OSCILLATION-DRIVEN MAGNETOSPHERIC ACTIVITY IN PULSARS

Abstract

We study the magnetospheric activity in the polar cap region of pulsars under stellar oscillations. The toroidal oscillation of the star propagates into the magnetosphere, which provides additional voltage due to unipolar induction, changes Goldreich-Julian charge density from the traditional value due to rotation, and hence, influences particle acceleration. We present a general solution of the effect of oscillations within the framework of the inner vacuum gap model, and consider three different inner gap modes controlled by curvature radiation, inverse Compton scattering, and two photon annihilation, respectively. With different pulsar parameters and oscillation amplitudes, one of three modes would play a dominant role in defining the gap properties. When the amplitude of oscillation exceeds a critical value, mode changing would occur. Oscillations also lead to change of the size of the polar cap.
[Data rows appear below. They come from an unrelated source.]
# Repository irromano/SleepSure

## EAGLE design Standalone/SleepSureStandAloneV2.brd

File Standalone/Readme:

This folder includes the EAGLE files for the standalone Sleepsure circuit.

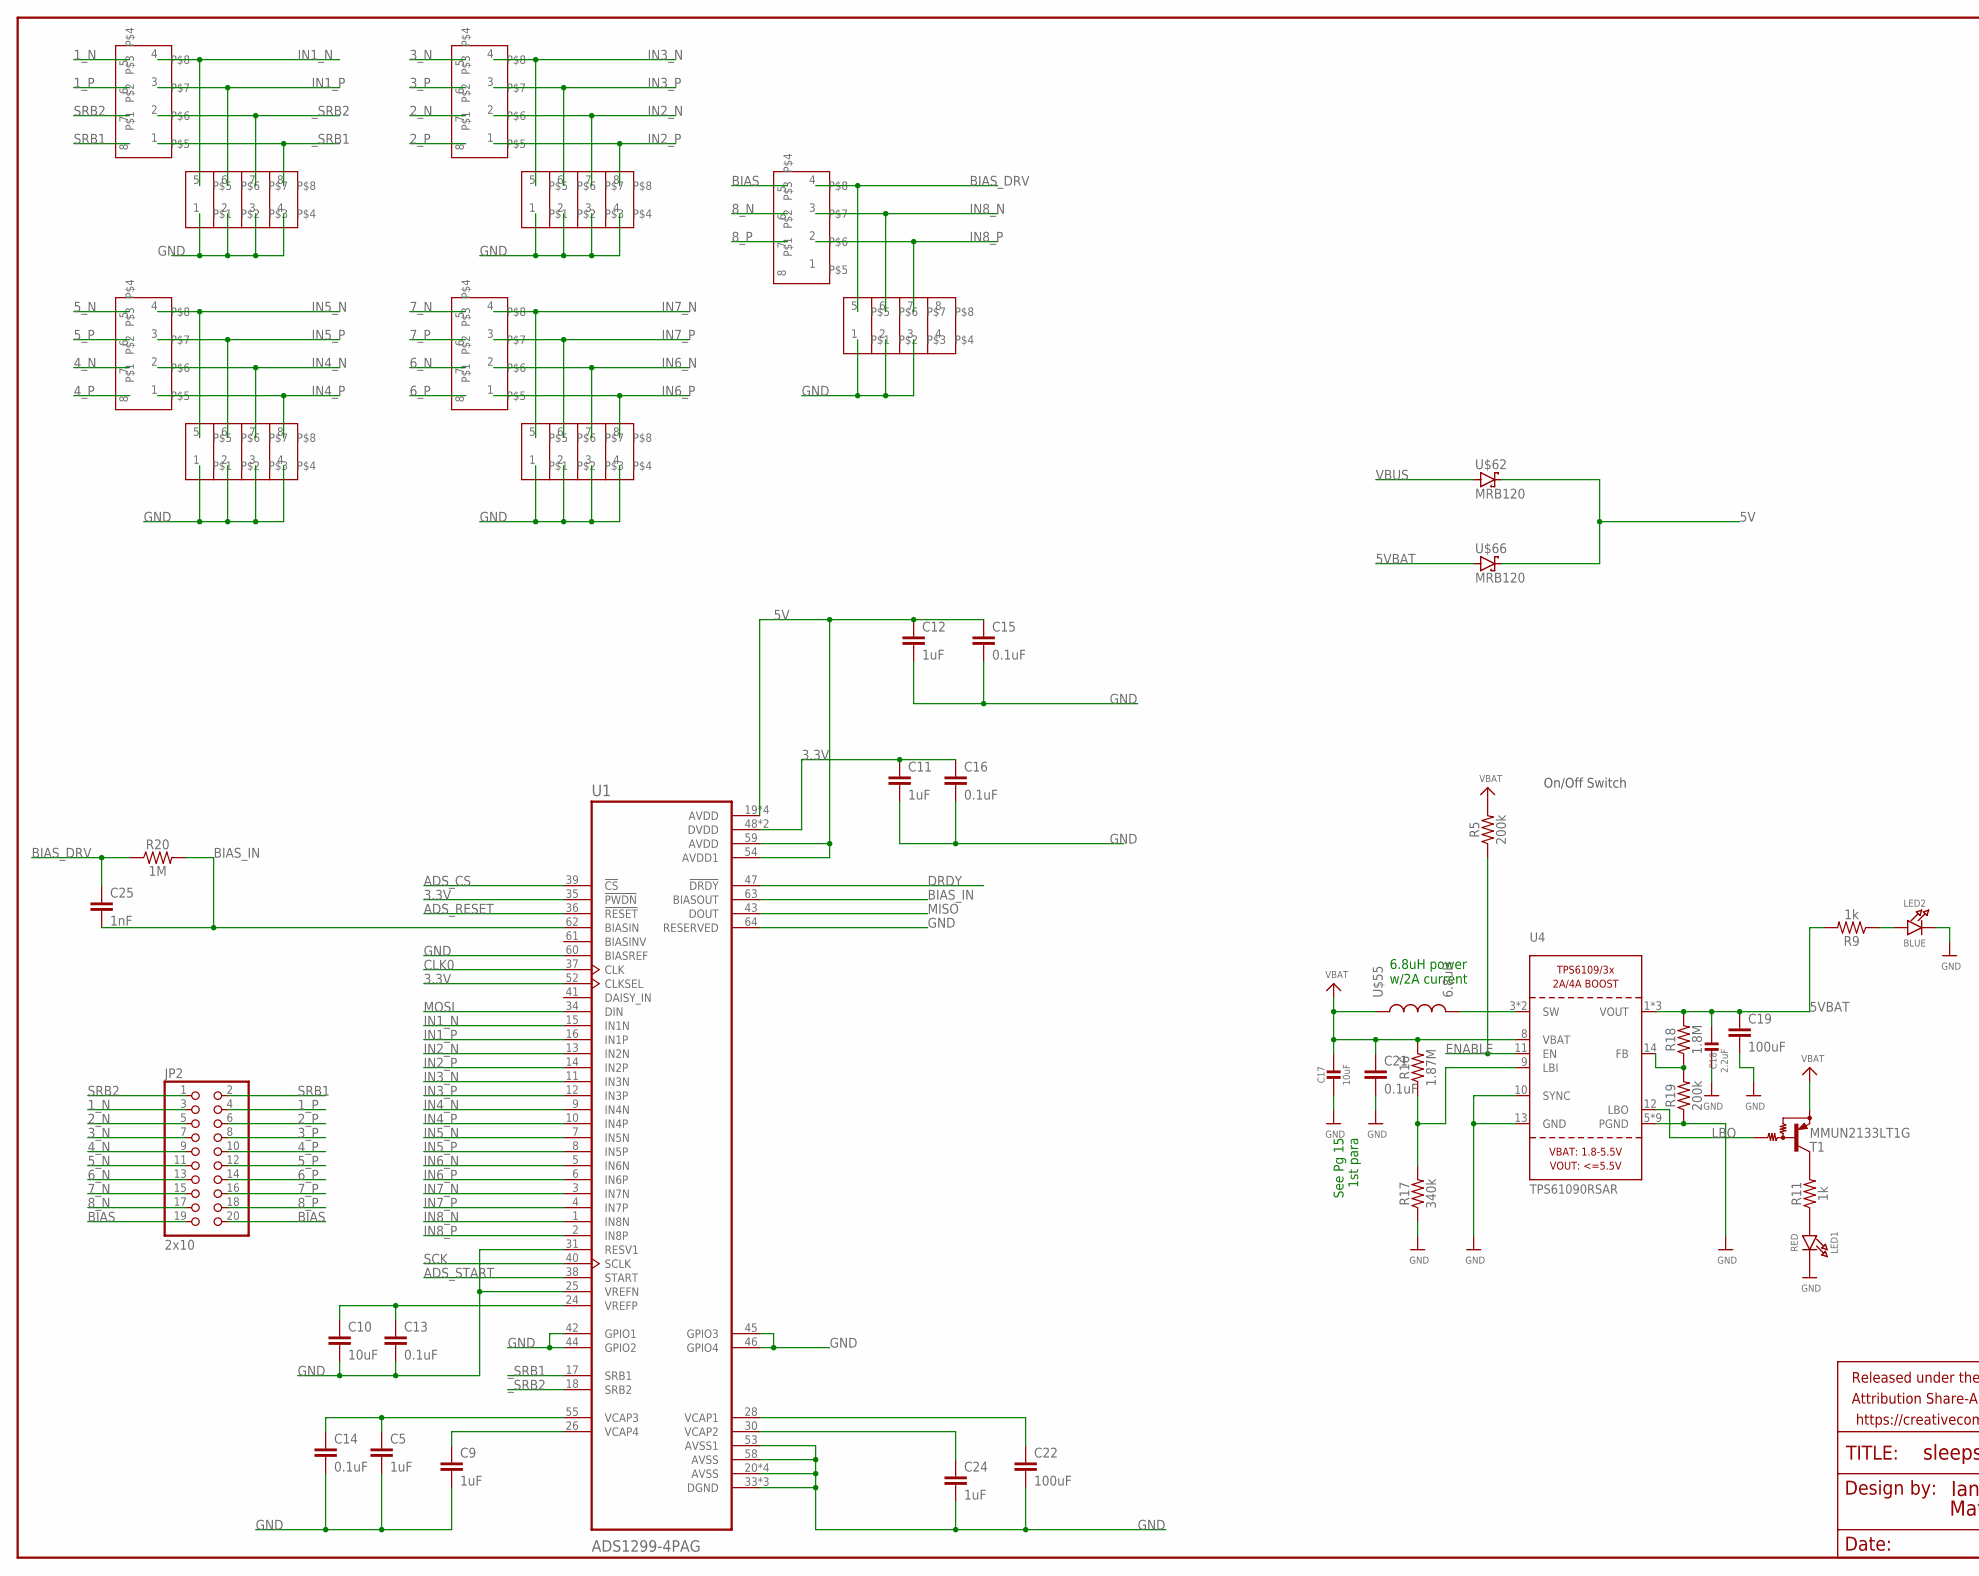
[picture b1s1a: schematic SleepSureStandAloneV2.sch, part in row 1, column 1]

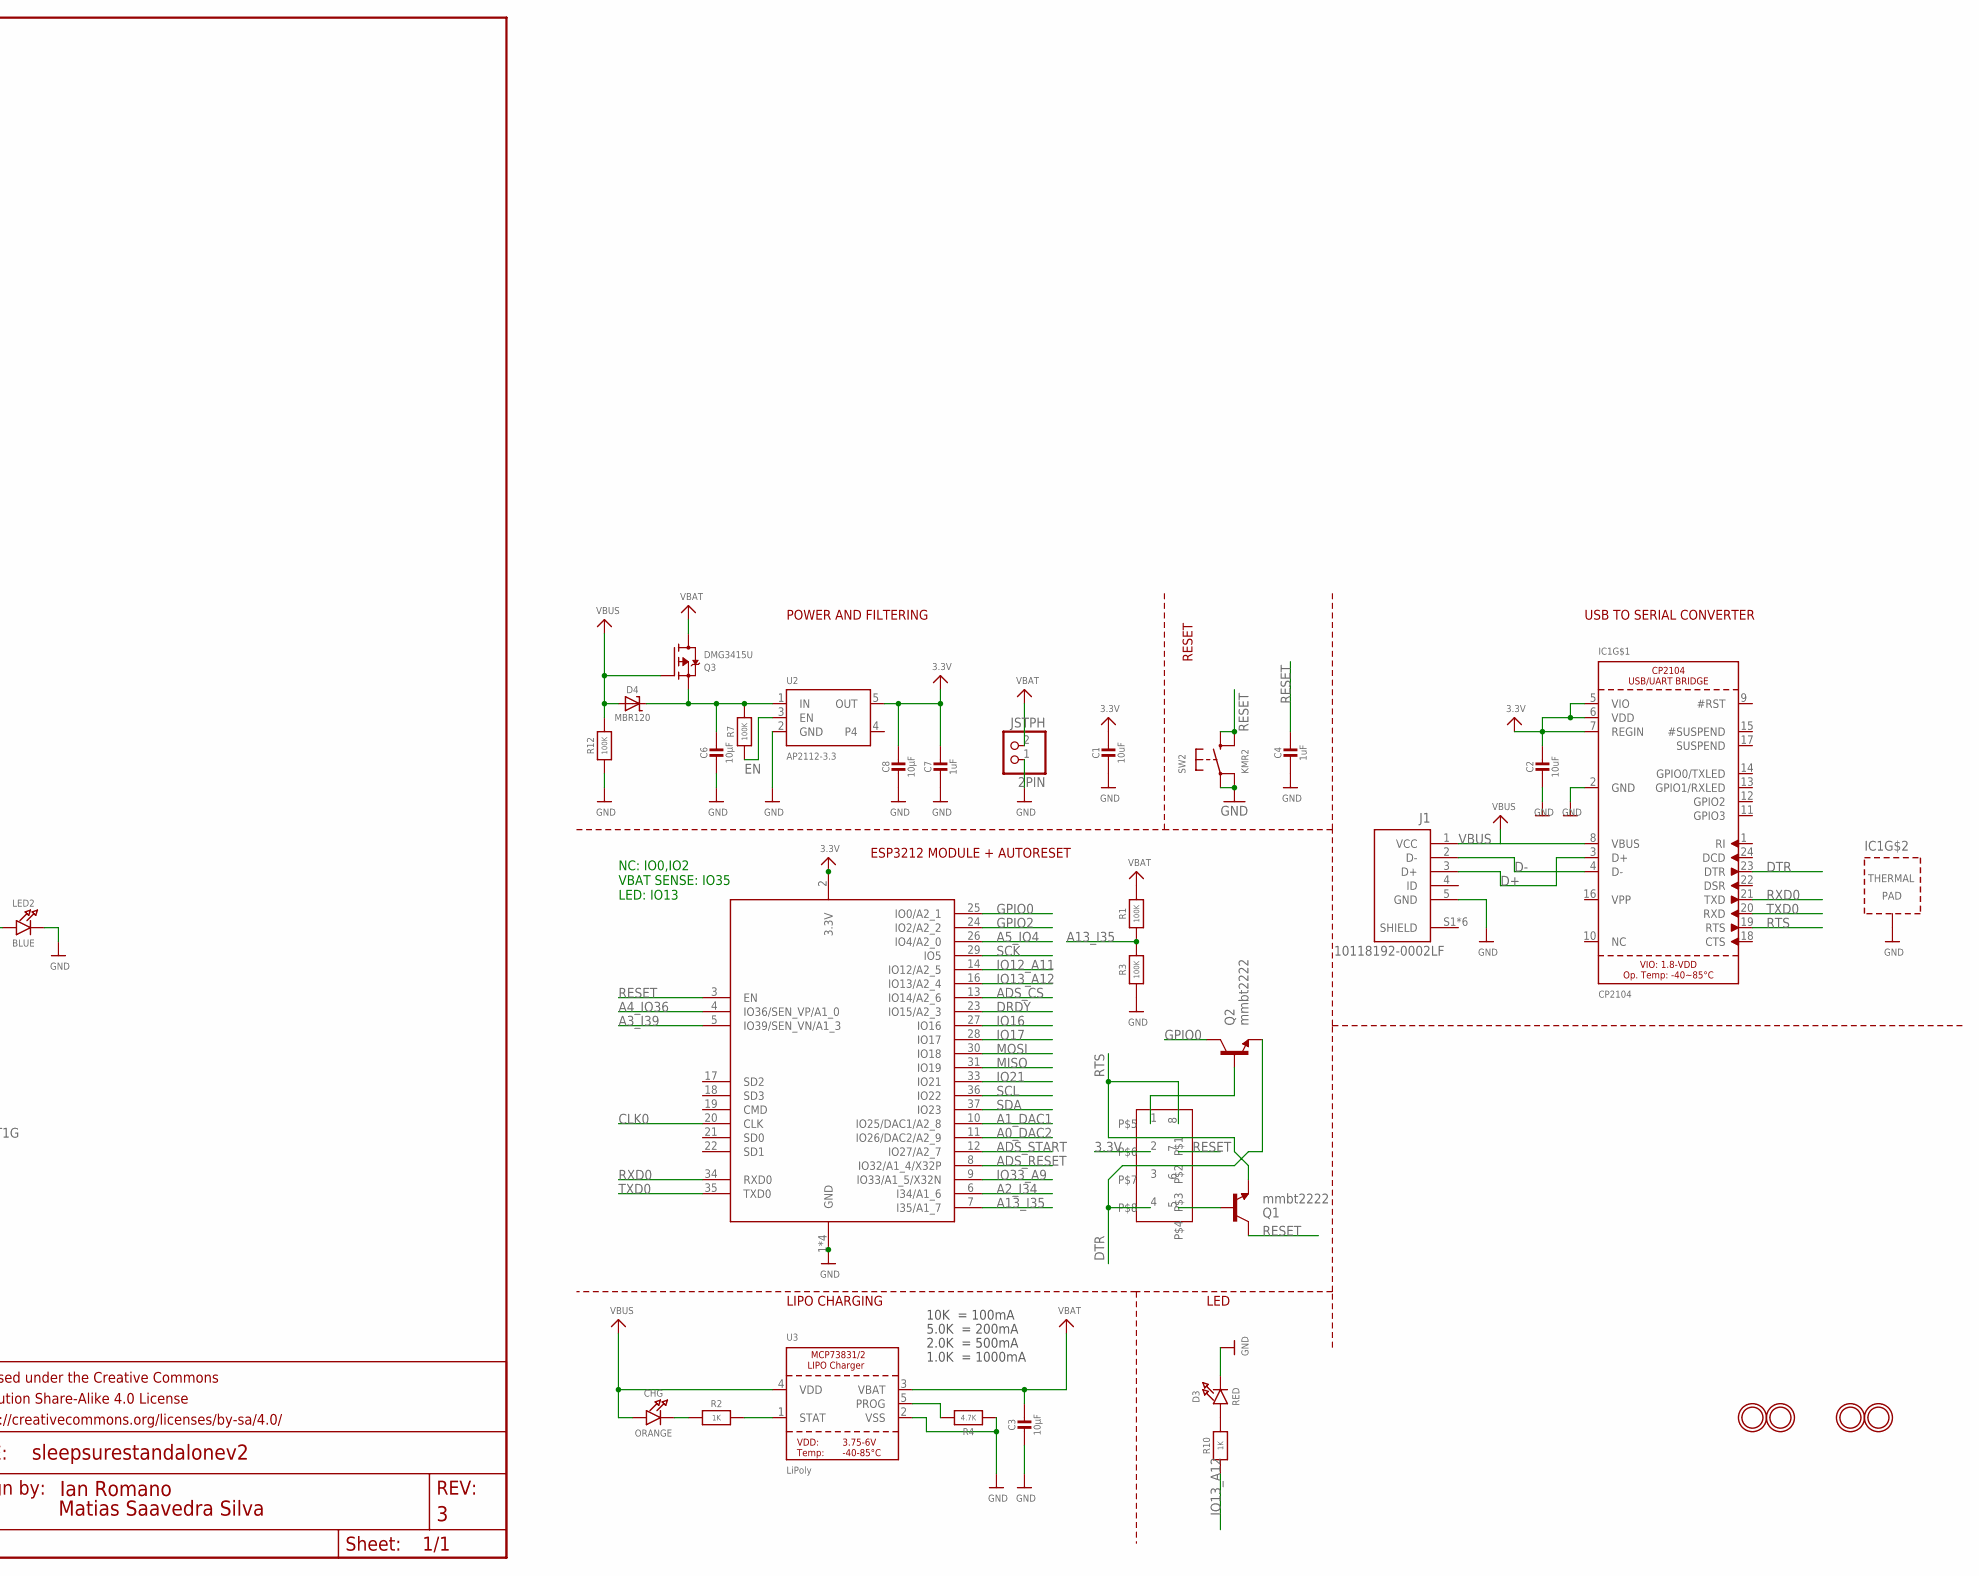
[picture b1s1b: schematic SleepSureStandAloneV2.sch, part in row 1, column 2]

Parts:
2PIN: JSTPH; JSTPH2
C1, C2, C17: 10uF; 0805-NO
C3, C6, C8: 10µF; 0805-NO
C4, C7: 1uF; 0603-NO
C5, C9, C11, C12, C24: 1uF; 0805
C10: 10uF; 0805
C13, C14, C15, C16, C21: 0.1uF; 0805
C18: 2.2uF; 0805-NO
C19, C22: 100uF; 1206
C25: 1nF; 0805
CHG: ORANGE; CHIPLED_0805_NOOUTLINE
D3: RED; CHIPLED_0805_NOOUTLINE
D4: MBR120; SOD-123
FRAME2: FRAME-LEDGER; CREATIVE_COMMONS
IC1: CP2104; QFN24_4MM_SMSC
J1: 10118192-0002LF; AMPHENOL_10118192-0002LF
JP2: 2x10; 2X09-BIG
LED1: RED; CHIPLED_0805_NOOUTLINE
LED2: BLUE; CHIPLED_0805_NOOUTLINE
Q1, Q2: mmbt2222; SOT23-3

As applications, we show the inner gap properties under oscillations in both normal pulsars and anomalous X-ray pulsars / soft gamma-ray repeaters (AXPs/SGRs). We interpret the onset of radio emission after glitches/flares in AXPs/SGRs as due to oscilation-driven magnetic activities in these objects, within the framework of both the magnetar model and the solid quark star model. Within the magnetar model, radio activation may be caused by the enlargement of the effective polar cap angle and the radio emission beam due to oscillation; whereas within the solid quark star angle, it may be caused by activation of the pulsar inner gap from below the radio emission death line due to an oscillation-induced voltage enhancement. The model can also explain the glitch-induced radio profile change observed in PSR J1119-6127.